The question here is whether there is an opportunity to reveal these timelines here? Does the timeline of a single individual matter? Probably not. So my guess is that an aggregation here would work pretty well. So I would like to think about a design on:

An aggregation on how the agents are changing states and their aggregate journeys through the states.
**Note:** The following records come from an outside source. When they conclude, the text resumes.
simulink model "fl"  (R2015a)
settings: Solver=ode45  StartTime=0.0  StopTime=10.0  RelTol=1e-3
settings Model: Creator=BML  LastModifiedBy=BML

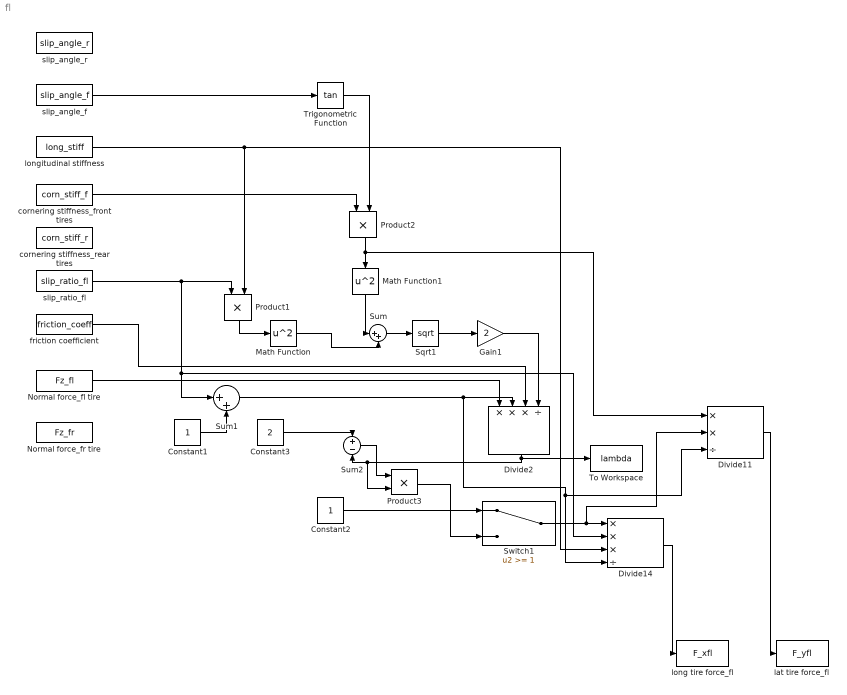
== system fl ==
  Constant1 : Constant
  Constant2 : Constant
  Constant3 : Constant  Value=2
  Divide11 : Product  Inputs=**/
  Divide14 : Product  Inputs=***/
  Divide2 : Product  Inputs=***/
  Gain1 : Gain  Gain=2
  Math Function : Math  Operator=square  SaturateOnIntegerOverflow=on
  Math Function1 : Math  Operator=square  SaturateOnIntegerOverflow=on
  Normal force_fl tire : FromWorkspace  VariableName=Fz_fl  SampleTime=0
  Normal force_fr tire : FromWorkspace  VariableName=Fz_fr  SampleTime=0
  Product1 : Product
  Product2 : Product
  Product3 : Product
  Sqrt1 : Sqrt  SaturateOnIntegerOverflow=on
  Sum : Sum  Inputs=|++
  Sum1 : Sum  Inputs=|++
  Sum2 : Sum  Inputs=+-
  Switch1 : Switch  Threshold=1
  To Workspace : ToWorkspace  VariableName=lambda  SaveFormat=Timeseries  SampleTime=-1
  Trigonometric Function : Trigonometry  Operator=tan
  cornering stiffness_front tires : FromWorkspace  VariableName=corn_stiff_f  SampleTime=0
  cornering stiffness_rear tires : FromWorkspace  VariableName=corn_stiff_r  SampleTime=0
  friction coefficient : FromWorkspace  VariableName=friction_coeff  SampleTime=0
  lat tire force_fl : ToWorkspace  VariableName=F_yfl  SaveFormat=Timeseries  SampleTime=-1
  long tire force_fl : ToWorkspace  VariableName=F_xfl  SaveFormat=Timeseries  SampleTime=-1
  longitudinal stiffness : FromWorkspace  VariableName=long_stiff  SampleTime=0
  slip_angle_f : FromWorkspace  VariableName=slip_angle_f  SampleTime=0
  slip_angle_r : FromWorkspace  VariableName=slip_angle_r  SampleTime=0
  slip_ratio_fl : FromWorkspace  VariableName=slip_ratio_fl  SampleTime=0
  wires:
  Product1/1 -> Math Function/1
  slip_angle_f/1 -> Trigonometric Function/1
  Trigonometric Function/1 -> Product2/2
  Product2/1 -> Divide11/1, Math Function1/1
  Math Function1/1 -> Sum/1
  Math Function/1 -> Sum/2
  Sum/1 -> Sqrt1/1
  Sqrt1/1 -> Gain1/1
  Constant1/1 -> Sum1/2
  slip_ratio_fl/1 -> Divide14/2, Sum1/1, Product1/1
  Gain1/1 -> Divide2/4
  Normal force_fl tire/1 -> Divide2/1
  friction coefficient/1 -> Divide2/3
  Constant2/1 -> Switch1/1
  Constant3/1 -> Sum2/1
  Sum2/1 -> Product3/1
  Divide2/1 -> Product3/2, Sum2/2, To Workspace/1
  Product3/1 -> Switch1/3
  Sum1/1 -> Divide11/3, Divide14/4, Divide2/2
  longitudinal stiffness/1 -> Product1/2, Divide14/3
  Divide14/1 -> long tire force_fl/1
  cornering stiffness_front tires/1 -> Product2/1
  Switch1/1 -> Divide11/2, Divide14/1
  Divide11/1 -> lat tire force_fl/1
simulink model "tests"  (R2024b)
settings: Solver=VariableStepAuto  StartTime=0.0  StopTime=1  RelTol=1e-3  AbsTol=1e-3  EnableMultiTasking=on
values from neighbouring files (symbols this model uses):
  m = obj.Br *obj.volume / obj.mu    [External_Magnet2.m]
  N = gridSizes(k)    [Test.m]
  Params = Sim_Param_Setup    [Sim_Open.m]
undefined symbols (not defined in the file or in its folder): X, Y, Z
libraries: sm_lib x88, vrlib x72, nesl_utility x52, matrix_library x46, sharedtransform x6
(part 2 of 5)

== system tests/Subsystem/Single_Arm/Plate_3 ==
  Pos_Plate6 : Inport
  M6 : Inport  Port=2
  Pos_Plate5 : Inport  Port=3
  M5 : Inport  Port=4
  Pos_Plate4 : Inport  Port=5
  M4 : Inport  Port=6
  Pos_Plate2 : Inport  Port=7
  M2 : Inport  Port=8
  Pos_Plate1 : Inport  Port=9
  M1 : Inport  Port=10
  Source_Pos : Inport  Port=11
  Source_Moment : Inport  Port=12
  Brick Solid : sm_lib/Body Elements/Brick Solid  BrickDimensions=[Params.LinkWidth Params.LinkThickness Params.LinkLength]  BrickDimensionsUnits=m  ExportEntireGeometry=off  InertiaType=CalculateFromGeometry  BasedOnType=Density  Density=1000  DensityUnits=kg/m^3  Mass=1  MassUnits=kg  CenterOfMass=[0 0 0]  CenterOfMassUnits=m  MomentsOfInertia=[1 1 1]  MomentsOfInertiaUnits=kg*m^2  ProductsOfInertia=[0 0 0]  ProductsOfInertiaUnits=kg*m^2  GraphicType=FromGeometry  MarkerShape=Sphere  MarkerSize=10  GraphicVisPropType=SimpleVisualProperties  GraphicDiffuseColor=[0.5 0.5 0.5]  GraphicOpacity=0.5  GraphicSpecularColor=[0.5 0.5 0.5 1.0]  GraphicAmbientColor=[0.15 0.15 0.15 1.0]  GraphicEmissiveColor=[0.0 0.0 0.0 1.0]  GraphicShininess=75  DoExposeReferenceFrame=on  SerializedFrames=<Frames><Frame><Id>Frame1</Id><Value><Name>F1</Name><Origin><Source>GeometricFeature</Source><FeatureName>-x -y curve</FeatureName></Origin><PrimaryAxis><DefinedDirection>+Z</DefinedDirection><Source>ReferenceFrame</Source><SourceDirection>+Z</SourceDirection><FeatureName></FeatureName></PrimaryAxis><SecondaryAxis><DefinedDirection>+X</DefinedDirection><Source>ReferenceFrame</Source><SourceDirection>+X</SourceDirection><FeatureName></FeatureName></SecondaryAxis></Value></Frame><Frame><Id>Frame2</Id><Value><Name>F2</Name><Origin><Source>GeometricFeature</Source><FeatureName>+x -y curve</FeatureName></Origin><PrimaryAxis><DefinedDirection>+Z</DefinedDirection><Source>ReferenceFrame</Source><SourceDirection>+Z</SourceDirection><FeatureName></FeatureName></PrimaryAxis><SecondaryAxis><DefinedDirection>+X</DefinedDirection><Source>ReferenceFrame</Source><SourceDirection>+X</SourceDirection><FeatureName></FeatureName></SecondaryAxis></Value></Frame></Frames>
  Constant : Constant  Value=[1; 0; 0]  VectorParams1D=off
  "Dipole Moment Angle Rot(z, theta)" : sm_lib/Frames and Transforms/Rigid Transform  RotationMethod=StandardAxis  FollAlignAxisA=+X  BaseAlignAxisA=+Y  FollAlignAxisB=+Y  BaseAlignAxisB=+Z  RotationStandardAxis=+Z  RotationAngle=Params.Link_Magnetization_Angle(3)  RotationAngleUnits=deg  RotationArbitraryAxis=[0 0 1]  RotationSequenceAxes=FollowerAxes  RotationSequence=XYX  RotationSequenceAngles=[0 0 0]  RotationSequenceAnglesUnits=deg  RotationMatrix=[1 0 0;0 1 0;0 0 1]  Quaternion=[1 0 0 0]  TranslationMethod=None  TranslationCartesianOffset=[0 0 0]  TranslationCartesianOffsetUnits=m  TranslationStandardAxis=+Z  TranslationStandardOffset=0  TranslationStandardOffsetUnits=m  TranslationROffset=0  TranslationROffsetUnits=m  TranslationThetaOffset=0  TranslationThetaOffsetUnits=deg  TranslationZOffset=0  TranslationZOffsetUnits=m
  External Force and Torque : sm_lib/Forces and Torques/External Force and Torque  EnableForceX=off  EnableForceY=off  EnableForceZ=off  EnableForce=on  ForceResolutionFrame=AttachedFrame  EnableTorqueX=off  EnableTorqueY=off  EnableTorqueZ=off  EnableTorque=on  TorqueResolutionFrame=AttachedFrame
  External Force and Torque1 : sm_lib/Forces and Torques/External Force and Torque  EnableForceX=off  EnableForceY=off  EnableForceZ=off  EnableForce=on  ForceResolutionFrame=AttachedFrame  EnableTorqueX=off  EnableTorqueY=off  EnableTorqueZ=off  EnableTorque=on  TorqueResolutionFrame=AttachedFrame
  Gain : Gain  Gain=Params.Link_Moment(3)
  PS-Simulink Converter : nesl_utility/PS-Simulink Converter  PhysicalDomain=network_engine_domain  SubClassName=ps_output  LeftPortType=input  RightPortType=output  PseudoPeriodic=off  Frequencies=[]  VectorFormat=inherit  Unit=inherit  AffineConversion=off
  PS-Simulink Converter2 : nesl_utility/PS-Simulink Converter  PhysicalDomain=network_engine_domain  SubClassName=ps_output  LeftPortType=input  RightPortType=output  PseudoPeriodic=off  Frequencies=[]  VectorFormat=inherit  Unit=inherit  AffineConversion=off
  Product : Product  Multiplication=Matrix(*)
  Revolved Solid : sm_lib/Body Elements/Revolved Solid  RevolutionCrossSection=[0 0; 1 0; 1 15; 2 15; 0 20]/10  RevolutionCrossSectionUnits=mm  RevolutionExtent=Full  RevolutionAngle=180  RevolutionAngleUnits=deg  ExportConvexHullGeometry=off  InertiaType=CalculateFromGeometry  BasedOnType=Density  Density=0  DensityUnits=kg/m^3  Mass=1  MassUnits=kg  CenterOfMass=[0 0 0]  CenterOfMassUnits=m  MomentsOfInertia=[1 1 1]  MomentsOfInertiaUnits=kg*m^2  ProductsOfInertia=[0 0 0]  ProductsOfInertiaUnits=kg*m^2  GraphicType=FromGeometry  MarkerShape=Sphere  MarkerSize=10  GraphicVisPropType=SimpleVisualProperties  GraphicDiffuseColor=[1 0 0]  GraphicOpacity=1  GraphicSpecularColor=[0.5 0.5 0.5 1.0]  GraphicAmbientColor=[0.15 0.15 0.15 1.0]  GraphicEmissiveColor=[0.0 0.0 0.0 1.0]  GraphicShininess=75  DoExposeReferenceFrame=on  SerializedFrames=<Frames/>
  Rigid Transform1 : sm_lib/Frames and Transforms/Rigid Transform  RotationMethod=StandardAxis  FollAlignAxisA=+X  BaseAlignAxisA=+Y  FollAlignAxisB=+Y  BaseAlignAxisB=+Z  RotationStandardAxis=+Y  RotationAngle=90  RotationAngleUnits=deg  RotationArbitraryAxis=[0 0 1]  RotationSequenceAxes=FollowerAxes  RotationSequence=XYX  RotationSequenceAngles=[0 0 0]  RotationSequenceAnglesUnits=deg  RotationMatrix=[1 0 0;0 1 0;0 0 1]  Quaternion=[1 0 0 0]  TranslationMethod=None  TranslationCartesianOffset=[0 0 0]  TranslationCartesianOffsetUnits=m  TranslationStandardAxis=+Z  TranslationStandardOffset=0  TranslationStandardOffsetUnits=m  TranslationROffset=0  TranslationROffsetUnits=m  TranslationThetaOffset=0  TranslationThetaOffsetUnits=deg  TranslationZOffset=0  TranslationZOffsetUnits=m
  Simulink-PS Converter{,1..3} (4 alike) : nesl_utility/Simulink-PS Converter  PhysicalDomain=network_engine_domain  SubClassName=ps_input  LeftPortType=input  RightPortType=output  PseudoPeriodic=off  Frequencies=[]  NoiseDistribution=none  NoiseParameters=[]  Unit=1  AffineConversion=off  FilteringAndDerivatives=provide  SimscapeFilterOrder=1  InputFilterTimeConstant=0.001  UdotUserProvided=0
  Subsystem : Subsystem
  Torques and Forces : Subsystem
      settings: PortSchema="{\"entries\":[{\"content\":{\"sides\":[{\"content\":{\"connectorIds\":[\"In1\",\"In2\",\"In3\",\"In4\",\"In5\",\"In6\",\"In7\",\"In8\",\"In9\",\"In10\",\"In11\",\"In12\"]},\"type\":\"ConnectorPlacement.EquallySpacedRectSide\",\"uuid\":\"5e9f7da2-fe68-4c7d-bff2-fdc8c7982441\"},{\"content\":{\"connectorIds\":[\"Out1\",\"Out2\"],\"side\":\"RIGHT\"},\"type\":\"ConnectorPlacement.EquallySpacedRectSide\",\"uuid\":\"36e5b3c2-6267-49a8-a0c4-2f3c1c270a99\"},{\"content\":{\"connectorIds\":[\"LConn1\"],\"side\":\"TOP\"},\"type\":\"ConnectorPlacement.EquallySpacedRectSide\",\"uuid\":\"f9d61316-4e06-4fe9-aa35-560b242a32a1\"}]},\"type\":\"ConnectorPlacement.EquallySpacedConnector\",\"uuid\":\"16298027-81d7-44cb-b7a6-bb815e806b74\"}],\"packageUris\":[\"http://schema.mathworks.com/mf0/Connector/R2020b\"],\"version\":\"1.0\"}"
  Transform Sensor : sm_lib/Frames and Transforms/Transform Sensor  MeasurementFrame=Base  RotationSequence=XYX  SenseAngle=off  SenseAxis=off  SenseQ=off  SenseR=on  SenseRotationSequence=off  SenseOmegaX=off  SenseOmegaY=off  SenseOmegaZ=off  SenseOmega=off  SenseQDot=off  SenseRDot=off  SenseRotationSequenceDot=off  SenseAlphaX=off  SenseAlphaY=off  SenseAlphaZ=off  SenseAlpha=off  SenseQDDot=off  SenseRDDot=off  SenseX=off  SenseY=off  SenseZ=off  SenseXYZ=on  SenseRad=off  SenseAzim=off  SenseDist=off  SenseInc=off  SenseXDot=off  SenseYDot=off  SenseZDot=off  SenseXYZDot=off  SenseRadDot=off  SenseAzimDot=off  SenseDistDot=off  SenseIncDot=off  SenseXDDot=off  SenseYDDot=off  SenseZDDot=off  SenseXYZDDot=off  SenseRadDDot=off  SenseAzimDDot=off  SenseDistDDot=off  SenseIncDDot=off
  World Frame : sm_lib/Frames and Transforms/World Frame
  Fixed one : PMIOPort  Side=Left
  base : PMIOPort  Port=2  Side=Right
  Pos_Plate3 : Outport
  M3 : Outport  Port=2
  wires:
  Gain/1 -> Product/2
  Constant/1 -> Gain/1
  Product/1 -> Torques and Forces/1(m_slave), Subsystem/1(Slave_Moment), M3/1
  PS-Simulink Converter2/1 -> Product/1
  PS-Simulink Converter/1 -> Pos_Plate3/1, Subsystem/2(Slave_Pos), Torques and Forces/2(Pos_Slave)
  M1/1 -> Torques and Forces/3(M1)
  Pos_Plate1/1 -> Torques and Forces/4(Pos_Plate1)
  M2/1 -> Torques and Forces/5(M2)
  Pos_Plate2/1 -> Torques and Forces/6(Pos_Plate2)
  M4/1 -> Torques and Forces/7(M4)
  Pos_Plate4/1 -> Torques and Forces/8(Pos_Plate4)
  M5/1 -> Torques and Forces/9(M5)
  Pos_Plate5/1 -> Torques and Forces/10(Pos_Plate5)
  M6/1 -> Torques and Forces/11(M6)
  Pos_Plate6/1 -> Torques and Forces/12(Pos_Plate6)
  Torques and Forces/1(Forces) -> Simulink-PS Converter/1
  Torques and Forces/2(Torques) -> Simulink-PS Converter1/1
  Source_Moment/1 -> Subsystem/3(Source_Moment)
  Source_Pos/1 -> Subsystem/4(Source_Pos)
  Subsystem/1(Source_Torque) -> Simulink-PS Converter3/1
  Subsystem/2(Source_Force) -> Simulink-PS Converter2/1
  connections:
  base/RConn1 -- Brick Solid/LConn1
  Brick Solid/LConn2 -- Fixed one/RConn1
  Rigid Transform1/LConn1 -- "Dipole Moment Angle Rot(z, theta)"/RConn1 -- Transform Sensor/RConn1
  Transform Sensor/RConn2 -- PS-Simulink Converter2/LConn1
  "Dipole Moment Angle Rot(z, theta)"/LConn1 -- Torques and Forces/LConn1 -- Brick Solid/RConn1 -- External Force and Torque/RConn1 -- External Force and Torque1/RConn1
  PS-Simulink Converter/LConn1 -- Transform Sensor/RConn3
  Rigid Transform1/RConn1 -- Revolved Solid/RConn1
  World Frame/RConn1 -- Transform Sensor/LConn1
  Simulink-PS Converter/RConn1 -- External Force and Torque/LConn1
  External Force and Torque/LConn2 -- Simulink-PS Converter1/RConn1
  External Force and Torque1/LConn1 -- Simulink-PS Converter2/RConn1
  Simulink-PS Converter3/RConn1 -- External Force and Torque1/LConn2

== system tests/Subsystem/Single_Arm/Plate_4 ==
  Pos_Plate6 : Inport
  M6 : Inport  Port=2
  Pos_Plate5 : Inport  Port=3
  M5 : Inport  Port=4
  Pos_Plate3 : Inport  Port=5
  M3 : Inport  Port=6
  Pos_Plate2 : Inport  Port=7
  M2 : Inport  Port=8
  Pos_Plate1 : Inport  Port=9
  M1 : Inport  Port=10
  Source_Pos : Inport  Port=11
  Source_Moment : Inport  Port=12
  Brick Solid : sm_lib/Body Elements/Brick Solid  BrickDimensions=[Params.LinkWidth Params.LinkThickness Params.LinkLength]  BrickDimensionsUnits=m  ExportEntireGeometry=off  InertiaType=CalculateFromGeometry  BasedOnType=Density  Density=1000  DensityUnits=kg/m^3  Mass=1  MassUnits=kg  CenterOfMass=[0 0 0]  CenterOfMassUnits=m  MomentsOfInertia=[1 1 1]  MomentsOfInertiaUnits=kg*m^2  ProductsOfInertia=[0 0 0]  ProductsOfInertiaUnits=kg*m^2  GraphicType=FromGeometry  MarkerShape=Sphere  MarkerSize=10  GraphicVisPropType=SimpleVisualProperties  GraphicDiffuseColor=[0.5 0.5 0.5]  GraphicOpacity=0.5  GraphicSpecularColor=[0.5 0.5 0.5 1.0]  GraphicAmbientColor=[0.15 0.15 0.15 1.0]  GraphicEmissiveColor=[0.0 0.0 0.0 1.0]  GraphicShininess=75  DoExposeReferenceFrame=on  SerializedFrames=<Frames><Frame><Id>Frame1</Id><Value><Name>F1</Name><Origin><Source>GeometricFeature</Source><FeatureName>-x -y curve</FeatureName></Origin><PrimaryAxis><DefinedDirection>+Z</DefinedDirection><Source>ReferenceFrame</Source><SourceDirection>+Z</SourceDirection><FeatureName></FeatureName></PrimaryAxis><SecondaryAxis><DefinedDirection>+X</DefinedDirection><Source>ReferenceFrame</Source><SourceDirection>+X</SourceDirection><FeatureName></FeatureName></SecondaryAxis></Value></Frame><Frame><Id>Frame2</Id><Value><Name>F2</Name><Origin><Source>GeometricFeature</Source><FeatureName>+x -y curve</FeatureName></Origin><PrimaryAxis><DefinedDirection>+Z</DefinedDirection><Source>ReferenceFrame</Source><SourceDirection>+Z</SourceDirection><FeatureName></FeatureName></PrimaryAxis><SecondaryAxis><DefinedDirection>+X</DefinedDirection><Source>ReferenceFrame</Source><SourceDirection>+X</SourceDirection><FeatureName></FeatureName></SecondaryAxis></Value></Frame></Frames>
  Constant : Constant  Value=[1; 0; 0]  VectorParams1D=off
  "Dipole Moment Angle Rot(z, theta)" : sm_lib/Frames and Transforms/Rigid Transform  RotationMethod=StandardAxis  FollAlignAxisA=+X  BaseAlignAxisA=+Y  FollAlignAxisB=+Y  BaseAlignAxisB=+Z  RotationStandardAxis=+Z  RotationAngle=Params.Link_Magnetization_Angle(4)  RotationAngleUnits=deg  RotationArbitraryAxis=[0 0 1]  RotationSequenceAxes=FollowerAxes  RotationSequence=XYX  RotationSequenceAngles=[0 0 0]  RotationSequenceAnglesUnits=deg  RotationMatrix=[1 0 0;0 1 0;0 0 1]  Quaternion=[1 0 0 0]  TranslationMethod=None  TranslationCartesianOffset=[0 0 0]  TranslationCartesianOffsetUnits=m  TranslationStandardAxis=+Z  TranslationStandardOffset=0  TranslationStandardOffsetUnits=m  TranslationROffset=0  TranslationROffsetUnits=m  TranslationThetaOffset=0  TranslationThetaOffsetUnits=deg  TranslationZOffset=0  TranslationZOffsetUnits=m
  External Force and Torque : sm_lib/Forces and Torques/External Force and Torque  EnableForceX=off  EnableForceY=off  EnableForceZ=off  EnableForce=on  ForceResolutionFrame=AttachedFrame  EnableTorqueX=off  EnableTorqueY=off  EnableTorqueZ=off  EnableTorque=on  TorqueResolutionFrame=AttachedFrame
  External Force and Torque1 : sm_lib/Forces and Torques/External Force and Torque  EnableForceX=off  EnableForceY=off  EnableForceZ=off  EnableForce=on  ForceResolutionFrame=AttachedFrame  EnableTorqueX=off  EnableTorqueY=off  EnableTorqueZ=off  EnableTorque=on  TorqueResolutionFrame=AttachedFrame
  Gain : Gain  Gain=Params.Link_Moment(4)
  PS-Simulink Converter : nesl_utility/PS-Simulink Converter  PhysicalDomain=network_engine_domain  SubClassName=ps_output  LeftPortType=input  RightPortType=output  PseudoPeriodic=off  Frequencies=[]  VectorFormat=inherit  Unit=inherit  AffineConversion=off
  PS-Simulink Converter2 : nesl_utility/PS-Simulink Converter  PhysicalDomain=network_engine_domain  SubClassName=ps_output  LeftPortType=input  RightPortType=output  PseudoPeriodic=off  Frequencies=[]  VectorFormat=inherit  Unit=inherit  AffineConversion=off
  Product : Product  Multiplication=Matrix(*)
  Revolved Solid : sm_lib/Body Elements/Revolved Solid  RevolutionCrossSection=[0 0; 1 0; 1 15; 2 15; 0 20]/10  RevolutionCrossSectionUnits=mm  RevolutionExtent=Full  RevolutionAngle=180  RevolutionAngleUnits=deg  ExportConvexHullGeometry=off  InertiaType=CalculateFromGeometry  BasedOnType=Density  Density=0  DensityUnits=kg/m^3  Mass=1  MassUnits=kg  CenterOfMass=[0 0 0]  CenterOfMassUnits=m  MomentsOfInertia=[1 1 1]  MomentsOfInertiaUnits=kg*m^2  ProductsOfInertia=[0 0 0]  ProductsOfInertiaUnits=kg*m^2  GraphicType=FromGeometry  MarkerShape=Sphere  MarkerSize=10  GraphicVisPropType=SimpleVisualProperties  GraphicDiffuseColor=[1 0 0]  GraphicOpacity=1  GraphicSpecularColor=[0.5 0.5 0.5 1.0]  GraphicAmbientColor=[0.15 0.15 0.15 1.0]  GraphicEmissiveColor=[0.0 0.0 0.0 1.0]  GraphicShininess=75  DoExposeReferenceFrame=on  SerializedFrames=<Frames/>
  Rigid Transform1 : sm_lib/Frames and Transforms/Rigid Transform  RotationMethod=StandardAxis  FollAlignAxisA=+X  BaseAlignAxisA=+Y  FollAlignAxisB=+Y  BaseAlignAxisB=+Z  RotationStandardAxis=+Y  RotationAngle=90  RotationAngleUnits=deg  RotationArbitraryAxis=[0 0 1]  RotationSequenceAxes=FollowerAxes  RotationSequence=XYX  RotationSequenceAngles=[0 0 0]  RotationSequenceAnglesUnits=deg  RotationMatrix=[1 0 0;0 1 0;0 0 1]  Quaternion=[1 0 0 0]  TranslationMethod=None  TranslationCartesianOffset=[0 0 0]  TranslationCartesianOffsetUnits=m  TranslationStandardAxis=+Z  TranslationStandardOffset=0  TranslationStandardOffsetUnits=m  TranslationROffset=0  TranslationROffsetUnits=m  TranslationThetaOffset=0  TranslationThetaOffsetUnits=deg  TranslationZOffset=0  TranslationZOffsetUnits=m
  Simulink-PS Converter{,1..3} (4 alike) : nesl_utility/Simulink-PS Converter  PhysicalDomain=network_engine_domain  SubClassName=ps_input  LeftPortType=input  RightPortType=output  PseudoPeriodic=off  Frequencies=[]  NoiseDistribution=none  NoiseParameters=[]  Unit=1  AffineConversion=off  FilteringAndDerivatives=provide  SimscapeFilterOrder=1  InputFilterTimeConstant=0.001  UdotUserProvided=0
  Subsystem : Subsystem
  Torques and Forces : Subsystem
      settings: PortSchema="{\"entries\":[{\"content\":{\"sides\":[{\"content\":{\"connectorIds\":[\"In1\",\"In2\",\"In3\",\"In4\",\"In5\",\"In6\",\"In7\",\"In8\",\"In9\",\"In10\",\"In11\",\"In12\"]},\"type\":\"ConnectorPlacement.EquallySpacedRectSide\",\"uuid\":\"5e9f7da2-fe68-4c7d-bff2-fdc8c7982441\"},{\"content\":{\"connectorIds\":[\"Out1\",\"Out2\"],\"side\":\"RIGHT\"},\"type\":\"ConnectorPlacement.EquallySpacedRectSide\",\"uuid\":\"36e5b3c2-6267-49a8-a0c4-2f3c1c270a99\"},{\"content\":{\"connectorIds\":[\"LConn1\"],\"side\":\"TOP\"},\"type\":\"ConnectorPlacement.EquallySpacedRectSide\",\"uuid\":\"f9d61316-4e06-4fe9-aa35-560b242a32a1\"}]},\"type\":\"ConnectorPlacement.EquallySpacedConnector\",\"uuid\":\"16298027-81d7-44cb-b7a6-bb815e806b74\"}],\"packageUris\":[\"http://schema.mathworks.com/mf0/Connector/R2020b\"],\"version\":\"1.0\"}"
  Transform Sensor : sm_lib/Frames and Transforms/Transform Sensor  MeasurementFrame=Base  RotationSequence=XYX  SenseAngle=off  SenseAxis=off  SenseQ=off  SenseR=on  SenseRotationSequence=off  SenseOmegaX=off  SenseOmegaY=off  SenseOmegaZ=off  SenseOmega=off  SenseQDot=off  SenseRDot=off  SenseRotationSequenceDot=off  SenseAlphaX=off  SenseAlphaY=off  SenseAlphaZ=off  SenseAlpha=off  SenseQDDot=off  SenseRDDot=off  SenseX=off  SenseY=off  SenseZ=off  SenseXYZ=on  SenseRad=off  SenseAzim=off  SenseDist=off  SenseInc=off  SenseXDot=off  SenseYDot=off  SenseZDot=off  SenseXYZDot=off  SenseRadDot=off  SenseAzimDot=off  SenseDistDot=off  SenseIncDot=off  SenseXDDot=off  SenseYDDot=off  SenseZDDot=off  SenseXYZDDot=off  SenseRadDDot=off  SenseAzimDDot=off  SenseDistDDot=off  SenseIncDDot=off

One idea could be to bin these events in terms of the transition types. The model description on the github page tells me that:

It comprises of S-E1-E2-Iasymp-Isymp-Isev-D-R disease progression compartments

S – Susceptible – the default condition E1 – Exposed, but not infectious E2 – Exposed, infectious, but not detectable by a test Ia – Infected and asymptomatic, will test positive Is – Infected and symptomatic, will test positive R – Recovered D – Dead

Which means there are transitions such as:

EXPOSED - PRESYMPTOMATIC
EXPOSED - ASYMPTOMATIC
PRESYMPTOMATIC - SYMPTOMATIC
SYMPTOMATIC - SEVERELY_SYMPTOMATIC
SYMPTOMATIC - RECOVERED
SEVERELY_SYMPTOMATIC - DEAD
SEVERELY_SYMPTOMATIC - RECOVERED
ASYMPTOMATIC - RECOVERED

Thinking more about these and playing around with the data, the most useful statistics about these are captured by the output with the compartment values over time. This is what epidemiologists always look at through these SEIR graphs:

I did a small design spin on those and produced the SEIR lines as a heatmap where each compartment is a “row” over the y-axis:

and only looking at symptom related series:

Contacts

contacts.csv which looks like:

time,from,to,weight,label
0,14298,14357,100,Restaurant
0,425,6831,100,School
0,301,15510,100,ConstructionSite

with the following location labels:

array(['Restaurant', 'School', 'ConstructionSite', 'Shop',
       'LargeManyAdultFamily', 'Office', 'CovidHospital', 'LargeAdult',
       'AdultPensioner', 'SmallAdult', 'SmallFamily', 'Hospital',
       'LargeTwoAdultFamily', 'Nursery', 'DoubleOlder', 'CareHome',
       'SingleParent', 'SingleAdult', 'SingleOlder'], dtype=object)  ![](https://paper-attachments.dropbox.com/s_C6E8C0FCB1B16DEE7594A2F1F9B7CE4516FE4FACF347C06F062E142B646BB744_1593701233258_image.png) | 
OK, there seems to be some expected numbers here. With school being the most with small family following.

There seems to be 20000 individuals and 8.846.925 contact events in this data.